Cela concerne la désignation des arbitres et la Commission d’appel. Ces dispositifs ont été votés en Bureau au niveau de la Ligue et de la Fédération, il appartient désormais au comité d’éthique de se prononcer. On verra… Dans la droite ligne de toutes les démarches entreprises par la Ligue depuis des mois, il faut parvenir à un apaisement. Ceci dit, nous resterons quand même extrêmement vigilants au respect de l’éthique et de l’équité dans les compétitions. C’est la base de tout.

Mohed Altrad n’est pas toujours présent aux réunions de la Ligue.

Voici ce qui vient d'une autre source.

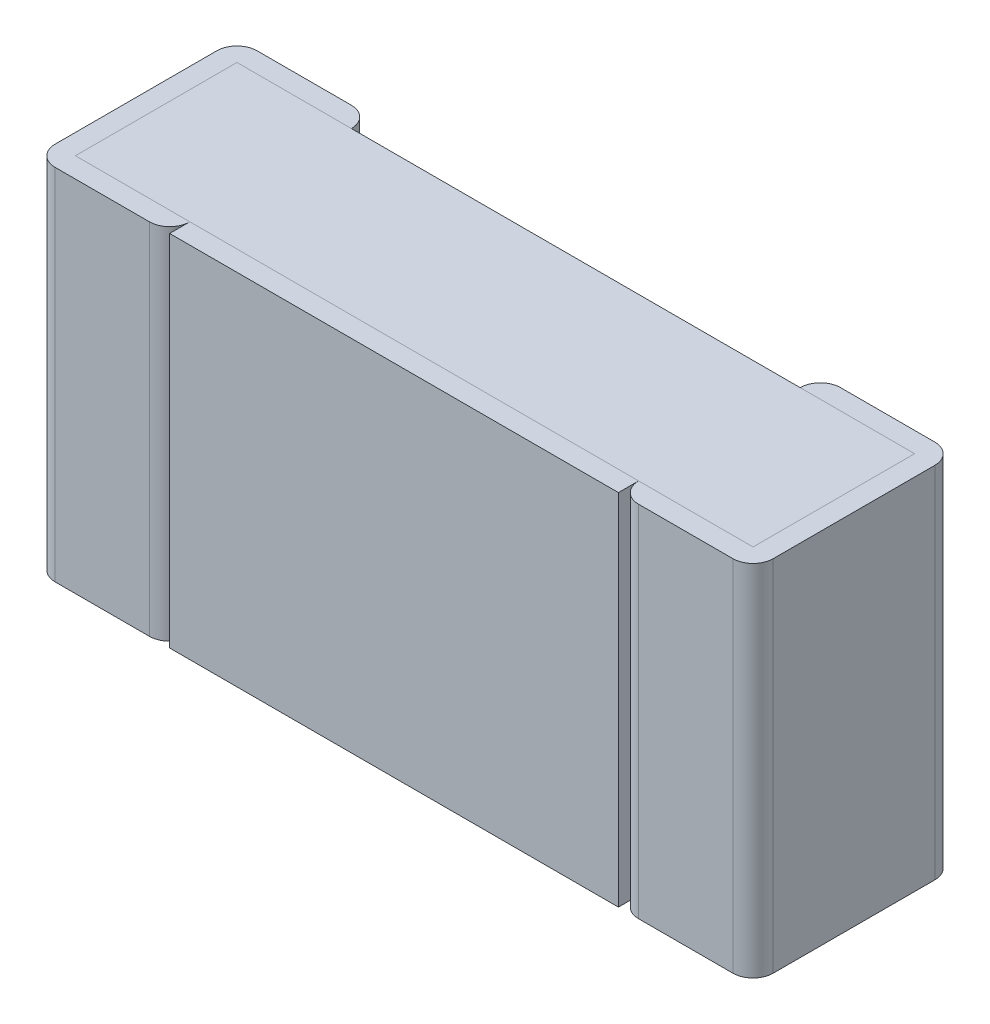
ISO-10303-21;
HEADER;
FILE_DESCRIPTION(('STEP AP214'),'2;1');
FILE_NAME('part.step','',(''),(''),'','','');
FILE_SCHEMA(('AUTOMOTIVE_DESIGN { 1 0 10303 214 1 1 1 1 }'));
ENDSEC;
DATA;
#1=APPLICATION_CONTEXT('core data for automotive mechanical design processes');
#2=APPLICATION_PROTOCOL_DEFINITION('international standard','automotive_design',2000,#1);
#3=PRODUCT_CONTEXT('',#1,'mechanical');
#4=PRODUCT('Part','Part','',(#3));
#5=PRODUCT_RELATED_PRODUCT_CATEGORY('part','',(#4));
#6=PRODUCT_DEFINITION_FORMATION('','',#4);
#7=PRODUCT_DEFINITION_CONTEXT('part definition',#1,'design');
#8=PRODUCT_DEFINITION('design','',#6,#7);
#9=PRODUCT_DEFINITION_SHAPE('','',#8);
#10=(LENGTH_UNIT() NAMED_UNIT(*) SI_UNIT(.MILLI.,.METRE.));
#11=(NAMED_UNIT(*) PLANE_ANGLE_UNIT() SI_UNIT($,.RADIAN.));
#12=(NAMED_UNIT(*) SI_UNIT($,.STERADIAN.) SOLID_ANGLE_UNIT());
#13=UNCERTAINTY_MEASURE_WITH_UNIT(LENGTH_MEASURE(1.E-05),#10,'distance_accuracy_value','');
#14=(GEOMETRIC_REPRESENTATION_CONTEXT(3) GLOBAL_UNCERTAINTY_ASSIGNED_CONTEXT((#13)) GLOBAL_UNIT_ASSIGNED_CONTEXT((#10,
#11,#12)) REPRESENTATION_CONTEXT('',''));
#15=CARTESIAN_POINT('',(0.,0.,0.));
#16=DIRECTION('',(0.,0.,1.));
#17=DIRECTION('',(1.,0.,0.));
#18=AXIS2_PLACEMENT_3D('',#15,#16,#17);
#19=CARTESIAN_POINT('',(132.066744279938,112.30804329235,112.661582908599));
#20=DIRECTION('',(0.,0.,1.));
#21=DIRECTION('',(1.,0.,0.));
#22=AXIS2_PLACEMENT_3D('',#19,#20,#21);
#23=PLANE('',#22);
#24=DIRECTION('',(0.,1.,0.));
#25=VECTOR('',#24,1.);
#26=CARTESIAN_POINT('',(132.066744279938,112.30804329235,112.661582908599));
#27=LINE('',#26,#25);
#28=CARTESIAN_POINT('',(132.066744279938,112.30804329235,112.661582908599));
#29=VERTEX_POINT('',#28);
#30=CARTESIAN_POINT('',(132.066744279938,113.10804329235,112.661582908599));
#31=VERTEX_POINT('',#30);
#32=EDGE_CURVE('E67',#29,#31,#27,.T.);
#33=ORIENTED_EDGE('',*,*,#32,.F.);
#34=DIRECTION('',(1.,0.,0.));
#35=VECTOR('',#34,1.);
#36=CARTESIAN_POINT('',(132.066744279938,112.30804329235,112.661582908599));
#37=LINE('',#36,#35);
#38=CARTESIAN_POINT('',(133.066744279938,112.30804329235,112.661582908599));
#39=VERTEX_POINT('',#38);
#40=EDGE_CURVE('E11',#29,#39,#37,.T.);
#41=ORIENTED_EDGE('',*,*,#40,.T.);
#42=DIRECTION('',(0.,1.,0.));
#43=VECTOR('',#42,1.);
#44=CARTESIAN_POINT('',(133.066744279938,112.30804329235,112.661582908599));
#45=LINE('',#44,#43);
#46=CARTESIAN_POINT('',(133.066744279938,113.10804329235,112.661582908599));
#47=VERTEX_POINT('',#46);
#48=EDGE_CURVE('E55',#39,#47,#45,.T.);
#49=ORIENTED_EDGE('',*,*,#48,.T.);
#50=DIRECTION('',(1.,0.,0.));
#51=VECTOR('',#50,1.);
#52=CARTESIAN_POINT('',(132.066744279938,113.10804329235,112.661582908599));
#53=LINE('',#52,#51);
#54=EDGE_CURVE('E338',#31,#47,#53,.T.);
#55=ORIENTED_EDGE('',*,*,#54,.F.);
#56=EDGE_LOOP('',(#33,#41,#49,#55));
#57=FACE_BOUND('',#56,.T.);
#58=ADVANCED_FACE('F44',(#57),#23,.T.);
#59=CARTESIAN_POINT('',(133.066744279938,112.30804329235,112.616582908599));
#60=DIRECTION('',(1.,0.,0.));
#61=DIRECTION('',(0.,1.,0.));
#62=AXIS2_PLACEMENT_3D('',#59,#60,#61);
#63=PLANE('',#62);
#64=DIRECTION('',(0.,0.,1.));
#65=VECTOR('',#64,1.);
#66=CARTESIAN_POINT('',(133.066744279938,112.30804329235,112.616582908599));
#67=LINE('',#66,#65);
#68=CARTESIAN_POINT('',(133.066744279938,112.30804329235,112.616582908599));
#69=VERTEX_POINT('',#68);
#70=EDGE_CURVE('E387',#69,#39,#67,.T.);
#71=ORIENTED_EDGE('',*,*,#70,.F.);
#72=DIRECTION('',(0.,1.,0.));
#73=VECTOR('',#72,1.);
#74=CARTESIAN_POINT('',(133.066744279938,112.30804329235,112.616582908599));
#75=LINE('',#74,#73);
#76=CARTESIAN_POINT('',(133.066744279938,113.10804329235,112.616582908599));
#77=VERTEX_POINT('',#76);
#78=EDGE_CURVE('E373',#69,#77,#75,.T.);
#79=ORIENTED_EDGE('',*,*,#78,.T.);
#80=DIRECTION('',(0.,0.,1.));
#81=VECTOR('',#80,1.);
#82=CARTESIAN_POINT('',(133.066744279938,113.10804329235,112.616582908599));
#83=LINE('',#82,#81);
#84=EDGE_CURVE('E377',#77,#47,#83,.T.);
#85=ORIENTED_EDGE('',*,*,#84,.T.);
#86=ORIENTED_EDGE('',*,*,#48,.F.);
#87=EDGE_LOOP('',(#71,#79,#85,#86));
#88=FACE_BOUND('',#87,.T.);
#89=ADVANCED_FACE('F568',(#88),#63,.T.);
#90=CARTESIAN_POINT('',(133.111744279938,112.30804329235,112.616582908599));
#91=DIRECTION('',(0.,1.,0.));
#92=DIRECTION('',(-1.,0.,0.));
#93=AXIS2_PLACEMENT_3D('',#90,#91,#92);
#94=CYLINDRICAL_SURFACE('',#93,0.0449999999999895);
#95=CARTESIAN_POINT('',(133.111744279938,112.30804329235,112.616582908599));
#96=DIRECTION('',(0.,1.,0.));
#97=DIRECTION('',(0.,0.,1.));
#98=AXIS2_PLACEMENT_3D('',#95,#96,#97);
#99=CIRCLE('',#98,0.0450000000000034);
#100=CARTESIAN_POINT('',(133.111744279938,112.30804329235,112.661582908599));
#101=VERTEX_POINT('',#100);
#102=EDGE_CURVE('E430',#69,#101,#99,.T.);
#103=ORIENTED_EDGE('',*,*,#102,.T.);
#104=DIRECTION('',(0.,1.,0.));
#105=VECTOR('',#104,1.);
#106=CARTESIAN_POINT('',(133.111744279938,112.30804329235,112.661582908599));
#107=LINE('',#106,#105);
#108=CARTESIAN_POINT('',(133.111744279938,113.10804329235,112.661582908599));
#109=VERTEX_POINT('',#108);
#110=EDGE_CURVE('E112',#101,#109,#107,.T.);
#111=ORIENTED_EDGE('',*,*,#110,.T.);
#112=CARTESIAN_POINT('',(133.111744279938,113.10804329235,112.616582908599));
#113=DIRECTION('',(0.,1.,0.));
#114=DIRECTION('',(0.,0.,1.));
#115=AXIS2_PLACEMENT_3D('',#112,#113,#114);
#116=CIRCLE('',#115,0.0450000000000034);
#117=EDGE_CURVE('E126',#77,#109,#116,.T.);
#118=ORIENTED_EDGE('',*,*,#117,.F.);
#119=ORIENTED_EDGE('',*,*,#78,.F.);
#120=EDGE_LOOP('',(#103,#111,#118,#119));
#121=FACE_BOUND('',#120,.T.);
#122=ADVANCED_FACE('F573',(#121),#94,.T.);
#123=CARTESIAN_POINT('',(133.066744279938,112.30804329235,112.661582908599));
#124=DIRECTION('',(0.,0.,1.));
#125=DIRECTION('',(1.,0.,0.));
#126=AXIS2_PLACEMENT_3D('',#123,#124,#125);
#127=PLANE('',#126);
#128=DIRECTION('',(1.,0.,0.));
#129=VECTOR('',#128,1.);
#130=CARTESIAN_POINT('',(133.066744279938,113.10804329235,112.661582908599));
#131=LINE('',#130,#129);
#132=CARTESIAN_POINT('',(133.321744279938,113.10804329235,112.661582908599));
#133=VERTEX_POINT('',#132);
#134=EDGE_CURVE('E302',#109,#133,#131,.T.);
#135=ORIENTED_EDGE('',*,*,#134,.F.);
#136=ORIENTED_EDGE('',*,*,#110,.F.);
#137=DIRECTION('',(1.,0.,0.));
#138=VECTOR('',#137,1.);
#139=CARTESIAN_POINT('',(133.066744279938,112.30804329235,112.661582908599));
#140=LINE('',#139,#138);
#141=CARTESIAN_POINT('',(133.321744279938,112.30804329235,112.661582908599));
#142=VERTEX_POINT('',#141);
#143=EDGE_CURVE('E431',#101,#142,#140,.T.);
#144=ORIENTED_EDGE('',*,*,#143,.T.);
#145=DIRECTION('',(0.,1.,0.));
#146=VECTOR('',#145,1.);
#147=CARTESIAN_POINT('',(133.321744279938,112.30804329235,112.661582908599));
#148=LINE('',#147,#146);
#149=EDGE_CURVE('E473',#142,#133,#148,.T.);
#150=ORIENTED_EDGE('',*,*,#149,.T.);
#151=EDGE_LOOP('',(#135,#136,#144,#150));
#152=FACE_BOUND('',#151,.T.);
#153=ADVANCED_FACE('F601',(#152),#127,.T.);
#154=CARTESIAN_POINT('',(133.321744279938,112.30804329235,112.616582908599));
#155=DIRECTION('',(0.,1.,0.));
#156=DIRECTION('',(1.,0.,0.));
#157=AXIS2_PLACEMENT_3D('',#154,#155,#156);
#158=CYLINDRICAL_SURFACE('',#157,0.0449999999999895);
#159=DIRECTION('',(0.,1.,0.));
#160=VECTOR('',#159,1.);
#161=CARTESIAN_POINT('',(133.366744279938,112.30804329235,112.616582908599));
#162=LINE('',#161,#160);
#163=CARTESIAN_POINT('',(133.366744279938,112.30804329235,112.616582908599));
#164=VERTEX_POINT('',#163);
#165=CARTESIAN_POINT('',(133.366744279938,113.10804329235,112.616582908599));
#166=VERTEX_POINT('',#165);
#167=EDGE_CURVE('E372',#164,#166,#162,.T.);
#168=ORIENTED_EDGE('',*,*,#167,.T.);
#169=CARTESIAN_POINT('',(133.321744279938,113.10804329235,112.616582908599));
#170=DIRECTION('',(0.,-1.,0.));
#171=DIRECTION('',(0.,0.,1.));
#172=AXIS2_PLACEMENT_3D('',#169,#170,#171);
#173=CIRCLE('',#172,0.0450000000000034);
#174=EDGE_CURVE('E368',#166,#133,#173,.T.);
#175=ORIENTED_EDGE('',*,*,#174,.T.);
#176=ORIENTED_EDGE('',*,*,#149,.F.);
#177=CARTESIAN_POINT('',(133.321744279938,112.30804329235,112.616582908599));
#178=DIRECTION('',(0.,-1.,0.));
#179=DIRECTION('',(0.,0.,1.));
#180=AXIS2_PLACEMENT_3D('',#177,#178,#179);
#181=CIRCLE('',#180,0.0450000000000034);
#182=EDGE_CURVE('E359',#164,#142,#181,.T.);
#183=ORIENTED_EDGE('',*,*,#182,.F.);
#184=EDGE_LOOP('',(#168,#175,#176,#183));
#185=FACE_BOUND('',#184,.T.);
#186=ADVANCED_FACE('F46',(#185),#158,.T.);
#187=CARTESIAN_POINT('',(133.366744279938,112.30804329235,112.211582908599));
#188=DIRECTION('',(1.,0.,0.));
#189=DIRECTION('',(0.,1.,0.));
#190=AXIS2_PLACEMENT_3D('',#187,#188,#189);
#191=PLANE('',#190);
#192=DIRECTION('',(0.,0.,1.));
#193=VECTOR('',#192,1.);
#194=CARTESIAN_POINT('',(133.366744279938,112.30804329235,112.211582908599));
#195=LINE('',#194,#193);
#196=CARTESIAN_POINT('',(133.366744279938,112.30804329235,112.256582908599));
#197=VERTEX_POINT('',#196);
#198=EDGE_CURVE('E354',#197,#164,#195,.T.);
#199=ORIENTED_EDGE('',*,*,#198,.F.);
#200=DIRECTION('',(0.,1.,0.));
#201=VECTOR('',#200,1.);
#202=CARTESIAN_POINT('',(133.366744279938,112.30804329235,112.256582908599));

Il se dit exclu, a l’impression d’être stigmatisé…

(Il coupe) Tous les présidents sont invités à chacune de nos réunions et manifestations. Il n’y a jamais d’ostracisme envers qui que ce soit. Au contraire, les réunions sont des lieux d’échange pour travailler ensemble.

Serez-vous candidat à votre succession, en 2020 ?

Non, pour des raisons statutaires. Le président de la Ligue ne peut pas faire plus de deux mandats. Je ne dérogerai pas à cette règle et je laisserai donc ma place.

Qui ferait un bon président ?

Celui qui sera élu, puisque la majorité des clubs aura voulu qu’il le soit.

Quelles sont les qualités requises, selon vous ?

Il faut être fédérateur et, aussi, rester calme, serein, en toutes circonstances. Je le répète, la Ligue est composée de trente clubs, avec trente modèles économiques différents et trente présidents aux personnalités variées. Avec quatorze équipes qui veulent le Brennus et seize, en Pro D2, qui rêvent aussi d’un titre. Il faut mettre tout ça en musique, impulser de nouveaux projets en veillant à ne laisser personne sur le bord du chemin.